They were all dead, horses and riders alike. Bone gleamed through the desiccated, patchy coats of the gaunt steeds. The riders were rust-spotted, decaying armor over their tattered and withered flesh, and despite their cadaverous appearances, their sunken eyes burned with malign intelligence. In perfect cadences, they drew near to the living pair and formed a tight circle, forcing Nil and Fortune to a stop.
“Chosen of the Unconquered Sun,” rasped the rider directly before them, in the name of our dread mistress we welcome you to the Desert of Plague’s Triumph. Her Holiness awaits.”
“Thank you for your gracious invitation,” Nil replied, with a bow. Fortune nervously copied the gesture, and the dead bowed from their saddles. There were no more words as the riders broke their circle to turn back slowly, leading their guests into the heart of the shadowland.
The dead town that was their destination was faded and broken, its buildings jutting out of the ground like rotten teeth, and its pale denizens, living, dead, and undead, like parasites in the maw of the dead land’s corpse. Looming over all was the temple, a black fortress, a cathedral dedicated to the worship of the end of all things.
Nil, Fortune, and their dread escort were paid no attention as the people went mechanically about their work. No children played in the streets, and the dead and living alike mingled with no fear. Indeed, it seemed as though the living deferred to the dead in all things, as though the ghosts made manifest by the shadowland were a higher order of being. Even Nil started to feel disturbed. Night was coming on, which meant they would have to stay until dawn. Leaving a shadowland at night was a dangerous and foolish thing to do.
The great wall of the fortress was before them, and they passed through a narrow gate into a courtyard paved in black stone. There the five dead guards dismounted and wan living attendants robed in black came to take those fearsome horses away.
Now that she was close, Nil had to admit there was something grandiose about this ornate, towering edifice of black stone. It seemed a living thing in and of itself, filled with a sort of malevolent, unholy, hungry vitality. She could feel Fortune trembling next to her, likely experiencing the same emotions, but less able to hide them.
A solitary finger came forth from the temple, also cloaked in black. One wave from its pale hand sent the undead guards away, shuffling, the that same hand motioned for Nil and Fortune to follow. The Solars exchanged glances between themselves, resigned.
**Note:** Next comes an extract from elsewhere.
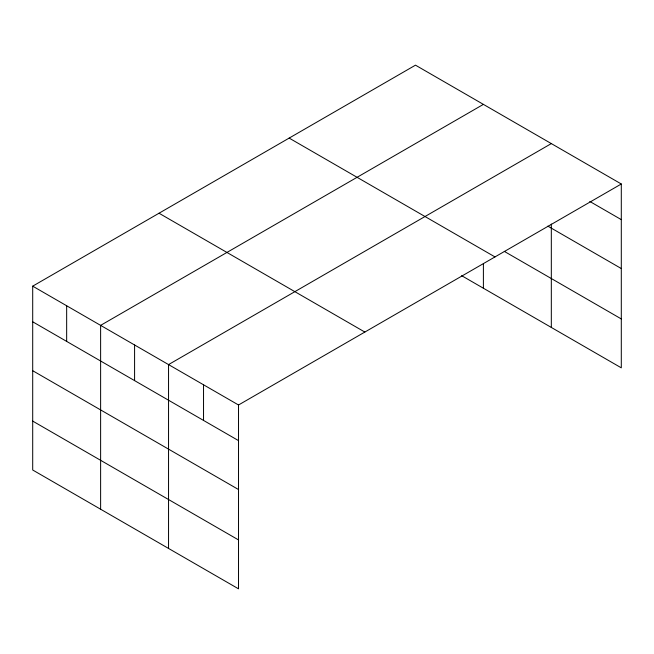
<?xml version="1.0" encoding="UTF-8"?>
<svg xmlns="http://www.w3.org/2000/svg" width="654" height="654" viewBox="0 0 654 654"><rect width="100%" height="100%" fill="white"/><g stroke="black" fill="none" stroke-linecap="round" stroke-linejoin="round"><path stroke-width="0.98" d="M621.3 183.995L238.522 404.989L238.522 588.837L32.7 470.005L32.7 286.158L415.478 65.163L621.3 183.995L621.3 367.842L461.626 275.661M483.396 104.378L100.618 325.373L100.618 509.221M551.322 143.594L168.544 364.589L168.544 548.436M589.81 201.448L621.3 219.63M547.839 226.129L621.3 268.541M504.299 251.381L621.3 318.931M289.158 138.092L494.98 256.924M159.02 213.229L364.842 332.06M32.7 286.158L238.522 404.989M32.7 321.793L238.522 440.624M32.7 370.704L238.522 489.535M32.7 421.094L238.522 539.926M551.322 224.06L551.322 327.441M483.396 263.766L483.396 288.226M203.533 384.789L203.533 420.424M134.585 344.977L134.585 380.612M66.659 305.761L66.659 341.396"/></g></svg>

This is what they had come for, after all.
They followed down a long hall through smothering silence and oppressive gloom relieved only by the rare ensconced candle. At last, they passed through a pair of vast double doors into a vast chamber as chill as the grave.
It was quite obviously a chamber of worship, draped in the black of night and the red of blood, and the white of corpses. Mats for kneeling worshippers covered the floor but for aisles through the middle and along the walls, and in the front was an altar before a dais backed by heavy curtains.
Before the altar stood another black robed figure, veiled and dressed as if for burial, every inch of skin covered in layer after layer of shrouds. Nil and Golden Fortune stepped forward to meet the dark figure, and their guide stepped back, disappearing into the encompassing gloom.
The figure moved forward, her swaying walk marking her clearly as a woman. Slender, chalk-white hands lifted to pull back the veil, and Fortune gasped aloud. The woman was beautiful – perilously so – a deathly face given the appearance of cold life. Her pale skin relieved by full red lips and impossibly dark eyes, and her face was perfectly sculpted. Even Nil, raised among the demigods of the Blessed Isle, found herself staring.
“I greet you,” said the pale woman in formal tones, “in the name of my great mistress, the Bitter Maiden of the Devouring Sorrow.” Fervor shone in these deep, dark eyes, and Nil felt her skin crawl. “I am the Singer of the Solemn and Endless Dirge, and you are most welcome here.”
Nil bowed slightly before the priestess. This was the one that had come seeking. Fortune, taking his ever cue from Nil, bowed as well, never once looking away from the coldly alluring face of the Singer.
“I am Nil, and this is Golden Fortune. We have come seeking your aid.”
The Singer smiled, and in that moment, she seemed much less cold and distant, her entire demeanor touched by all too human warmth. Nil was no longer sure what quite to think anymore.
“I know this. We have some hours before services – would you care to sit with me?” She gestured to the curtains on the dais behind the altar.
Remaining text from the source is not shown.